Jeremy Duda//February 25, 2013
Democrat Felecia Rotellini, who narrowly lost the attorney general’s race in 2010, is coming back for another run at the job, setting up a potential rematch with Tom Horne.
Rotellini filed a campaign committee to run for attorney general in 2014 Monday. In 2010, she lost by 3.8 percentage points to Horne, making her the most successful statewide Democratic candidate in a banner Republican year that saw every other statewide Democrat lose by double digits.
“I want to make Arizona safer for families, children and law-abiding businesses,” Rotellini said in a written statement. “We need new direction in the Attorney General’s Office – a top law enforcement officer committed to rising above partisan politics. We need an attorney general to fight criminals whether they carry a gun or a pen, human smugglers and traffickers, those who don’t play by the rules and scammers who defraud our seniors.”
Rotellini kicked off her campaign with the backing of a big-name supporter – former U.S. Surgeon General Richard Carmona, who was the Democratic nominee for Arizona’s open U.S. Senate seat in 2012. Carmona is serving as Rotellini’s campaign chairman.
“In 2010, Felecia won more votes than any Democrat on the ballot. Her no-nonsense message and prosecutor’s bona fides mark her as the real deal – an attorney general who will go after criminals with the integrity Arizona voters expect from the state’s top prosecutor,” Carmona said in Rotellini’s press release.
Circumstances may be a lot more favorable next year for Rotellini, a former state prosecutor and former superintendent of the Arizona Department of Financial Institutions.
The political climate in 2014 is unlikely to be as bad for Democrats as it was in 2010, which was arguably the best Republican year in a generation. And Horne, who is running for re-election, is facing serious allegations of campaign finance violations, an inappropriate relationship with a subordinate and general dysfunction in his office.
Horne is facing civil charges for allegations that he illegally coordinated with an independent expenditure committee that ran $500,000 in ads against Rotellini. He is also facing a lawsuit from an employee who claims Horne retaliated against her for political reasons, as well as a traffic charge for allegedly leaving the scene after backing into a car in a parking garage.
Rotellini said she is running to restore focus and dignity to the Attorney General’s Office.
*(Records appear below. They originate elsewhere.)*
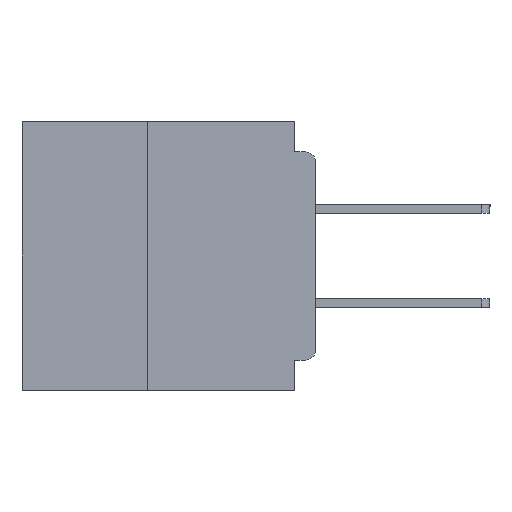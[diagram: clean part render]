
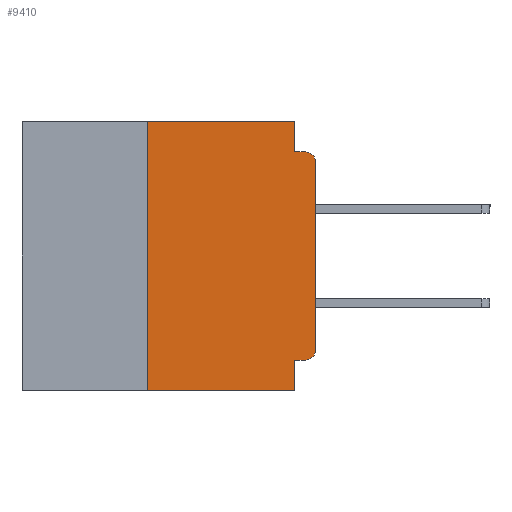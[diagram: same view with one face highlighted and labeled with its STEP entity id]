
A CAD part, left-side view. The second image highlights one B-rep face of the part: STEP entity #9410.
In plain terms, the highlighted planar face has unit normal (-1, 0, 0).
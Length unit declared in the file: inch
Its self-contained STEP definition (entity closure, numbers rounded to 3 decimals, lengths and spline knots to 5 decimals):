
#343 = VECTOR ( 'NONE', #35084, 39.37008 ) ;
#1396 = VECTOR ( 'NONE', #38408, 39.37008 ) ;
#1498 = VERTEX_POINT ( 'NONE', #6303 ) ;
#2432 = DIRECTION ( 'NONE',  ( 0., 0., -1. ) ) ;
#2590 = CARTESIAN_POINT ( 'NONE',  ( 0., 0.437, 0. ) ) ;
#2696 = EDGE_CURVE ( 'NONE', #32461, #8480, #12332, .T. ) ;
#3576 = CARTESIAN_POINT ( 'NONE',  ( 0., 0.031, 0. ) ) ;
#3684 = CARTESIAN_POINT ( 'NONE',  ( 0., 0.015, -0.06 ) ) ;
#4846 = CARTESIAN_POINT ( 'NONE',  ( 0., 0.437, -0.4 ) ) ;
#5216 = ORIENTED_EDGE ( 'NONE', *, *, #17932, .F. ) ;
#5430 = EDGE_CURVE ( 'NONE', #10705, #7421, #14539, .T. ) ;
#5847 = DIRECTION ( 'NONE',  ( 0., -1., 0. ) ) ;
#6114 = CARTESIAN_POINT ( 'NONE',  ( 0., 0.031, -0.4 ) ) ;
#6303 = CARTESIAN_POINT ( 'NONE',  ( 0., 0.25, -0.4 ) ) ;
#6957 = DIRECTION ( 'NONE',  ( 0., 0., -1. ) ) ;
#7421 = VERTEX_POINT ( 'NONE', #6114 ) ;
#7553 = CIRCLE ( 'NONE', #32367, 0.015 ) ;
#7854 = CARTESIAN_POINT ( 'NONE',  ( 0., 0.031, -0.045 ) ) ;
#8061 = CARTESIAN_POINT ( 'NONE',  ( 0., 0., -0.34 ) ) ;
#8124 = DIRECTION ( 'NONE',  ( 0., -1., 0. ) ) ;
#8434 = CARTESIAN_POINT ( 'NONE',  ( 0., 0.015, -0.34 ) ) ;
#8480 = VERTEX_POINT ( 'NONE', #8061 ) ;
#8983 = VECTOR ( 'NONE', #5847, 39.37008 ) ;
#9410 = ADVANCED_FACE ( 'NONE', ( #22653 ), #12601, .F. ) ;
#10026 = LINE ( 'NONE', #38281, #1396 ) ;
#10174 = VECTOR ( 'NONE', #24136, 39.37008 ) ;
#10698 = EDGE_CURVE ( 'NONE', #32712, #36361, #7553, .T. ) ;
#10705 = VERTEX_POINT ( 'NONE', #35441 ) ;
#11153 = LINE ( 'NONE', #39846, #10174 ) ;
#11665 = DIRECTION ( 'NONE',  ( 0., 0., -1. ) ) ;
#12332 = CIRCLE ( 'NONE', #27303, 0.015 ) ;
#12601 = PLANE ( 'NONE',  #35552 ) ;
#13290 = CARTESIAN_POINT ( 'NONE',  ( 0., 0.25, 0. ) ) ;
#14539 = LINE ( 'NONE', #37370, #37810 ) ;
#14690 = ORIENTED_EDGE ( 'NONE', *, *, #39548, .T. ) ;
#16195 = EDGE_CURVE ( 'NONE', #1498, #40842, #11153, .T. ) ;
#16479 = ORIENTED_EDGE ( 'NONE', *, *, #2696, .T. ) ;
#17708 = VERTEX_POINT ( 'NONE', #7854 ) ;
#17932 = EDGE_CURVE ( 'NONE', #40842, #19446, #34314, .T. ) ;
#18294 = CARTESIAN_POINT ( 'NONE',  ( 0., 0., -0.06 ) ) ;
#19059 = EDGE_CURVE ( 'NONE', #19446, #17708, #25350, .T. ) ;
#19446 = VERTEX_POINT ( 'NONE', #3576 ) ;
#19462 = CARTESIAN_POINT ( 'NONE',  ( 0., 0.015, -0.045 ) ) ;
#19996 = CARTESIAN_POINT ( 'NONE',  ( 0., 0.015, -0.355 ) ) ;
#20635 = CARTESIAN_POINT ( 'NONE',  ( 0., 0., 0. ) ) ;
#21001 = ORIENTED_EDGE ( 'NONE', *, *, #33848, .F. ) ;
#21851 = ORIENTED_EDGE ( 'NONE', *, *, #5430, .F. ) ;
#22653 = FACE_OUTER_BOUND ( 'NONE', #26862, .T. ) ;
#22950 = EDGE_CURVE ( 'NONE', #8480, #32712, #36815, .T. ) ;
#24136 = DIRECTION ( 'NONE',  ( 0., 0., 1. ) ) ;
#24366 = CARTESIAN_POINT ( 'NONE',  ( 0., 0.031, 0. ) ) ;
#25283 = DIRECTION ( 'NONE',  ( 1., 0., 0. ) ) ;
#25350 = LINE ( 'NONE', #24366, #32699 ) ;
#26053 = DIRECTION ( 'NONE',  ( -1., 0., 0. ) ) ;
#26862 = EDGE_LOOP ( 'NONE', ( #41240, #37259, #21001, #28418, #5216, #30133, #14690, #21851, #36398, #16479 ) ) ;
#26868 = LINE ( 'NONE', #31880, #343 ) ;
#26954 = DIRECTION ( 'NONE',  ( 0., 0., 1. ) ) ;
#27303 = AXIS2_PLACEMENT_3D ( 'NONE', #8434, #30661, #11665 ) ;
#28418 = ORIENTED_EDGE ( 'NONE', *, *, #19059, .F. ) ;
#28427 = CARTESIAN_POINT ( 'NONE',  ( 0., 0.437, 0. ) ) ;
#30133 = ORIENTED_EDGE ( 'NONE', *, *, #16195, .F. ) ;
#30661 = DIRECTION ( 'NONE',  ( -1., 0., 0. ) ) ;
#31880 = CARTESIAN_POINT ( 'NONE',  ( 0., 0., -0.355 ) ) ;
#32367 = AXIS2_PLACEMENT_3D ( 'NONE', #3684, #26053, #6957 ) ;
#32461 = VERTEX_POINT ( 'NONE', #19996 ) ;
#32490 = VECTOR ( 'NONE', #8124, 39.37008 ) ;
#32699 = VECTOR ( 'NONE', #33858, 39.37008 ) ;
#32712 = VERTEX_POINT ( 'NONE', #18294 ) ;
#33848 = EDGE_CURVE ( 'NONE', #17708, #36361, #10026, .T. ) ;
#33858 = DIRECTION ( 'NONE',  ( 0., 0., -1. ) ) ;
#34314 = LINE ( 'NONE', #2590, #8983 ) ;
#34789 = DIRECTION ( 'NONE',  ( 0., 0., -1. ) ) ;
#35084 = DIRECTION ( 'NONE',  ( 0., 1., 0. ) ) ;
#35441 = CARTESIAN_POINT ( 'NONE',  ( 0., 0.031, -0.355 ) ) ;
#35552 = AXIS2_PLACEMENT_3D ( 'NONE', #28427, #25283, #34789 ) ;
#35825 = VECTOR ( 'NONE', #26954, 39.37008 ) ;
#36313 = EDGE_CURVE ( 'NONE', #32461, #10705, #26868, .T. ) ;
#36361 = VERTEX_POINT ( 'NONE', #19462 ) ;
#36398 = ORIENTED_EDGE ( 'NONE', *, *, #36313, .F. ) ;
#36815 = LINE ( 'NONE', #20635, #35825 ) ;
#37259 = ORIENTED_EDGE ( 'NONE', *, *, #10698, .T. ) ;
#37370 = CARTESIAN_POINT ( 'NONE',  ( 0., 0.031, -0.4 ) ) ;
#37810 = VECTOR ( 'NONE', #2432, 39.37008 ) ;
#38281 = CARTESIAN_POINT ( 'NONE',  ( 0., 0., -0.045 ) ) ;
#38408 = DIRECTION ( 'NONE',  ( 0., -1., 0. ) ) ;
#39548 = EDGE_CURVE ( 'NONE', #1498, #7421, #40896, .T. ) ;
#39846 = CARTESIAN_POINT ( 'NONE',  ( 0., 0.25, -0.4 ) ) ;
#40842 = VERTEX_POINT ( 'NONE', #13290 ) ;
#40896 = LINE ( 'NONE', #4846, #32490 ) ;
#41240 = ORIENTED_EDGE ( 'NONE', *, *, #22950, .T. ) ;

“The attorney general should be an independent watchdog, not a career politician that promotes himself or is accused of violating laws he is supposed to enforce. The circus act has to stop. We must restore integrity back into the Attorney General’s Office,” Rotellini said in the written statement.
It is unknown whether Horne will face a challenge in the Republican primary next year. And if he is, Rotellini may have a tough Democratic primary on her hands.
Former Attorney General Terry Goddard, Rotellini’s old boss during her days as a prosecutor, is considering a run for his old job. Goddard, the Democratic nominee for governor in 2010, said he doesn’t have a timeline for when he will decide whether to run, but said Rotellini’s decision to file so early won’t rush him into a decision.